### What the task requires
From the data below, set down exactly the lines between the one holding "#57=ORIENTED_EDGE('',*,*,#56,.T.);" and the one holding "#75=VECTOR('',#74,1.);", inclusive, and no others.
*** Given data Section Begins ***
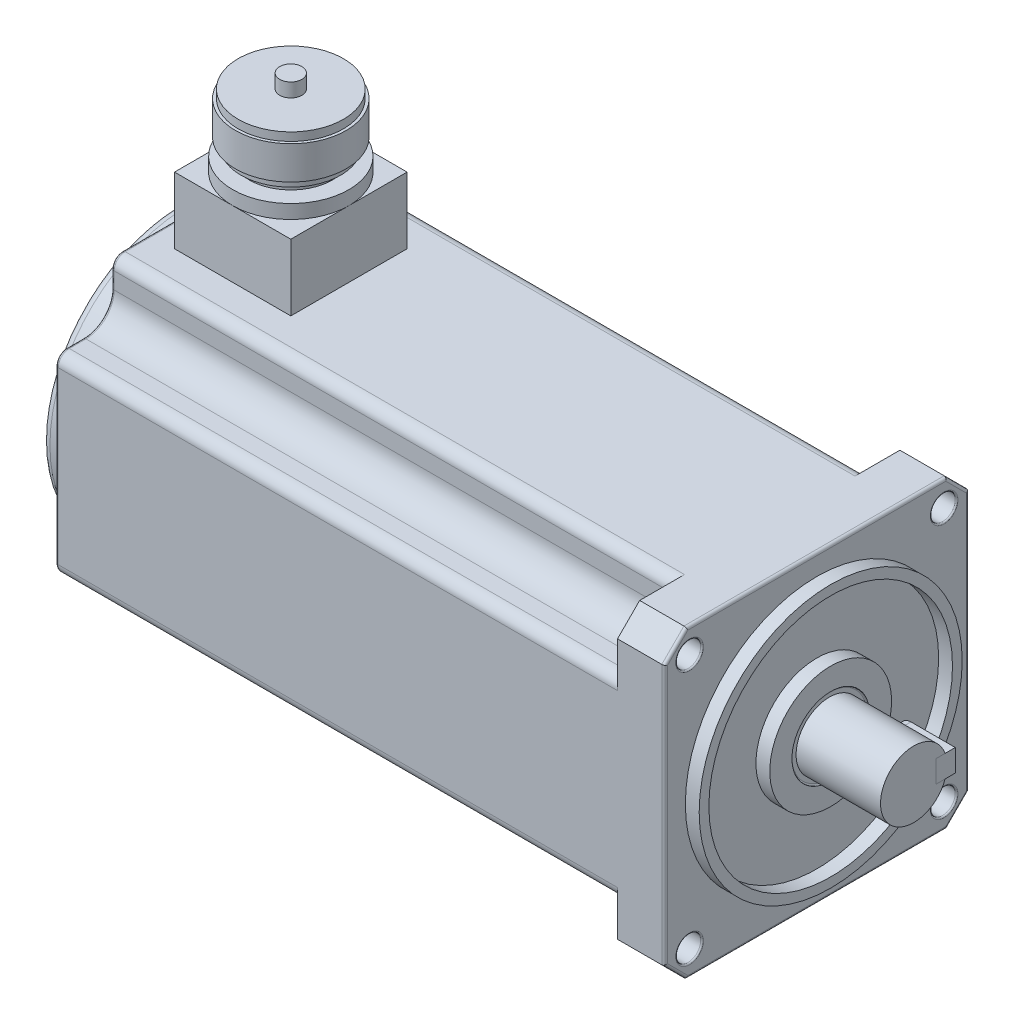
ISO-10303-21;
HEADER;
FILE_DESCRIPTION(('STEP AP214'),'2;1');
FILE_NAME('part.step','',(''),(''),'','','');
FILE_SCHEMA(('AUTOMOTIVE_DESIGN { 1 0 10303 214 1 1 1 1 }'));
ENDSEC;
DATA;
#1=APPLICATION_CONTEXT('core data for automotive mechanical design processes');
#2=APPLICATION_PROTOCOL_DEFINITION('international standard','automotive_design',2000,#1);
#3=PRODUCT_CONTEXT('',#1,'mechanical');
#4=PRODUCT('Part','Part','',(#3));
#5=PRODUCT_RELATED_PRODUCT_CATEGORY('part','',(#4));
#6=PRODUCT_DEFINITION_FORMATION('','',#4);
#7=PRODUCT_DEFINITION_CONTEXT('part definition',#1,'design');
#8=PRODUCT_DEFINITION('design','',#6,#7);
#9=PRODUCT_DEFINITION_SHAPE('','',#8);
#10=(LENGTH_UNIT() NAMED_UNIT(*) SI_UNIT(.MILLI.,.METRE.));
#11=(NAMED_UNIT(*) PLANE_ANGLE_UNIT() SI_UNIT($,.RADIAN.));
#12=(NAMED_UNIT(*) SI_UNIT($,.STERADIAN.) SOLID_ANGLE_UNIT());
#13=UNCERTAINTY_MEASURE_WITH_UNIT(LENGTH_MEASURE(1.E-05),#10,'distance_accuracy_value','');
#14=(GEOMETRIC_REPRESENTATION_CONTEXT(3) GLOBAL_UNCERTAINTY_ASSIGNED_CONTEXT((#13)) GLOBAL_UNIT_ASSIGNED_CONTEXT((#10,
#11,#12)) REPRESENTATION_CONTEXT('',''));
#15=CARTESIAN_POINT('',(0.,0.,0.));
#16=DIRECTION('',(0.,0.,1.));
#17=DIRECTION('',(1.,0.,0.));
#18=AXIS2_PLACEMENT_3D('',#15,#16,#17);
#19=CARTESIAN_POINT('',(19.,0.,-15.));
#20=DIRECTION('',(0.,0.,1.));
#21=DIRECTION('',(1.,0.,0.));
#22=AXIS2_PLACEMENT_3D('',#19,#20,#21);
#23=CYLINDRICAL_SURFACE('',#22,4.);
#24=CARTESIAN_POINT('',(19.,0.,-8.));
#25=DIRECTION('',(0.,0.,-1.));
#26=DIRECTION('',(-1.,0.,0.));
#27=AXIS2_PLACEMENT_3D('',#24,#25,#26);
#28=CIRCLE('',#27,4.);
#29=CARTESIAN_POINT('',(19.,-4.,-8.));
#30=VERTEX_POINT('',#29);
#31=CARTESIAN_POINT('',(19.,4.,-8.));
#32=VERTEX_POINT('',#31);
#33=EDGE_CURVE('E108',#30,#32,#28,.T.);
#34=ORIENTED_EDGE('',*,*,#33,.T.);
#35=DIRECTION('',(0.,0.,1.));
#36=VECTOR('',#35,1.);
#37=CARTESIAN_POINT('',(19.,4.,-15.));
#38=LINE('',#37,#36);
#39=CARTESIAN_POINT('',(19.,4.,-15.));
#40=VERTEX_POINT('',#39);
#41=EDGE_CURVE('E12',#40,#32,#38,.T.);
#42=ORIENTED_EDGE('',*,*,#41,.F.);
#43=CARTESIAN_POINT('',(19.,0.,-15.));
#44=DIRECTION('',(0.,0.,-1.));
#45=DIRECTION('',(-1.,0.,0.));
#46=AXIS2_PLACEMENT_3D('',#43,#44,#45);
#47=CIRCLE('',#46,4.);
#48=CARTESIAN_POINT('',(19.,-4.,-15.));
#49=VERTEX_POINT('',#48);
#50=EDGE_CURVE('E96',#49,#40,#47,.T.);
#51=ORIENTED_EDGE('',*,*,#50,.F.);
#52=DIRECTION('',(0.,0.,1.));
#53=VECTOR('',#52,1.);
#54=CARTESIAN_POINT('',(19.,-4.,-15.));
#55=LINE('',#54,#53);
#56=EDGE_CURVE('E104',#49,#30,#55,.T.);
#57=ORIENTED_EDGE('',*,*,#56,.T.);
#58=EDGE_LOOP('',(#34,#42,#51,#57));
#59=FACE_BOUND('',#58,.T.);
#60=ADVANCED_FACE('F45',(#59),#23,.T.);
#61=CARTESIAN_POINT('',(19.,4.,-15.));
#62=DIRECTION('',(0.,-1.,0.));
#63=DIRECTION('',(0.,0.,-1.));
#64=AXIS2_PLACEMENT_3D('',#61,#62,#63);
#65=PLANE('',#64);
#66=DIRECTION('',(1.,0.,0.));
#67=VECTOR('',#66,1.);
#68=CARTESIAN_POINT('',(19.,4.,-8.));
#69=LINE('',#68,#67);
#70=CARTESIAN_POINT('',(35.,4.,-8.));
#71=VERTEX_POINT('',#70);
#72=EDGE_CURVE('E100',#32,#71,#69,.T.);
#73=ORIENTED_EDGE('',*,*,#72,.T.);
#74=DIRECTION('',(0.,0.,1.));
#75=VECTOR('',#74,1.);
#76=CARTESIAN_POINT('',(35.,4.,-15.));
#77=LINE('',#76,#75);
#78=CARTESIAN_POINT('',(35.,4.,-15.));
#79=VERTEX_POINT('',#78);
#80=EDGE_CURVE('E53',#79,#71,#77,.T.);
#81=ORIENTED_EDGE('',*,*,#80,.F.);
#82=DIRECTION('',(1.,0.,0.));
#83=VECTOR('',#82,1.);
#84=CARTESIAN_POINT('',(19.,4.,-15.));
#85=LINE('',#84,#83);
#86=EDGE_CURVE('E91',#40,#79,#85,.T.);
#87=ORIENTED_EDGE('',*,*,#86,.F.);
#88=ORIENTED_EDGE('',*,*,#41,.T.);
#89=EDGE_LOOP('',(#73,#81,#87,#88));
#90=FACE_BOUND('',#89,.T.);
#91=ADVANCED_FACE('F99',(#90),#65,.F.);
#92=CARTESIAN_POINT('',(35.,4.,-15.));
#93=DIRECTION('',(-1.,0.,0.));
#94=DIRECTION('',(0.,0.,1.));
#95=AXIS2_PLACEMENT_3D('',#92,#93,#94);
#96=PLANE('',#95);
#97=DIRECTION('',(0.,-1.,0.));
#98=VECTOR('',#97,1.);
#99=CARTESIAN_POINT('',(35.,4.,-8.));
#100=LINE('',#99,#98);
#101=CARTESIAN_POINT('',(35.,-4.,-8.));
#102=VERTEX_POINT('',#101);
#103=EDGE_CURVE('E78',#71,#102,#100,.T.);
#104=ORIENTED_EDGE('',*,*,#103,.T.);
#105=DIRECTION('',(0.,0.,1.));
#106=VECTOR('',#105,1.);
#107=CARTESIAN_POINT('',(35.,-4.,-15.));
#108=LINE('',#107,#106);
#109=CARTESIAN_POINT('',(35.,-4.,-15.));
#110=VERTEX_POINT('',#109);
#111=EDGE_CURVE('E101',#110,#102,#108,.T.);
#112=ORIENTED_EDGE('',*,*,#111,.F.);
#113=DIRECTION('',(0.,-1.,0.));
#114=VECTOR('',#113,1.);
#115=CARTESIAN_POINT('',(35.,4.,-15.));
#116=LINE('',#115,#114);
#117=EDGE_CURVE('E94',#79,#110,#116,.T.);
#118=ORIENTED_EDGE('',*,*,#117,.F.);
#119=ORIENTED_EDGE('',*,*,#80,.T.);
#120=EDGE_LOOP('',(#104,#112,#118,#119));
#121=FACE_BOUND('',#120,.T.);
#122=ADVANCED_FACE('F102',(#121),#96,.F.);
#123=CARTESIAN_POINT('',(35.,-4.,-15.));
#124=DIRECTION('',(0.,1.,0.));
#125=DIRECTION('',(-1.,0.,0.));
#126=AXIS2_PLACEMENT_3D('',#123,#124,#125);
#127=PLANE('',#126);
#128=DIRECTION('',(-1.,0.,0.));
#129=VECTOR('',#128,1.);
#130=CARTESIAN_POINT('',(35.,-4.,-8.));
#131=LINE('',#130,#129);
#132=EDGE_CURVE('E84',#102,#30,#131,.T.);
*** Given data Section Ends ***
### Written response
#57=ORIENTED_EDGE('',*,*,#56,.T.);
#58=EDGE_LOOP('',(#34,#42,#51,#57));
#59=FACE_BOUND('',#58,.T.);
#60=ADVANCED_FACE('F45',(#59),#23,.T.);
#61=CARTESIAN_POINT('',(19.,4.,-15.));
#62=DIRECTION('',(0.,-1.,0.));
#63=DIRECTION('',(0.,0.,-1.));
#64=AXIS2_PLACEMENT_3D('',#61,#62,#63);
#65=PLANE('',#64);
#66=DIRECTION('',(1.,0.,0.));
#67=VECTOR('',#66,1.);
#68=CARTESIAN_POINT('',(19.,4.,-8.));
#69=LINE('',#68,#67);
#70=CARTESIAN_POINT('',(35.,4.,-8.));
#71=VERTEX_POINT('',#70);
#72=EDGE_CURVE('E100',#32,#71,#69,.T.);
#73=ORIENTED_EDGE('',*,*,#72,.T.);
#74=DIRECTION('',(0.,0.,1.));
#75=VECTOR('',#74,1.);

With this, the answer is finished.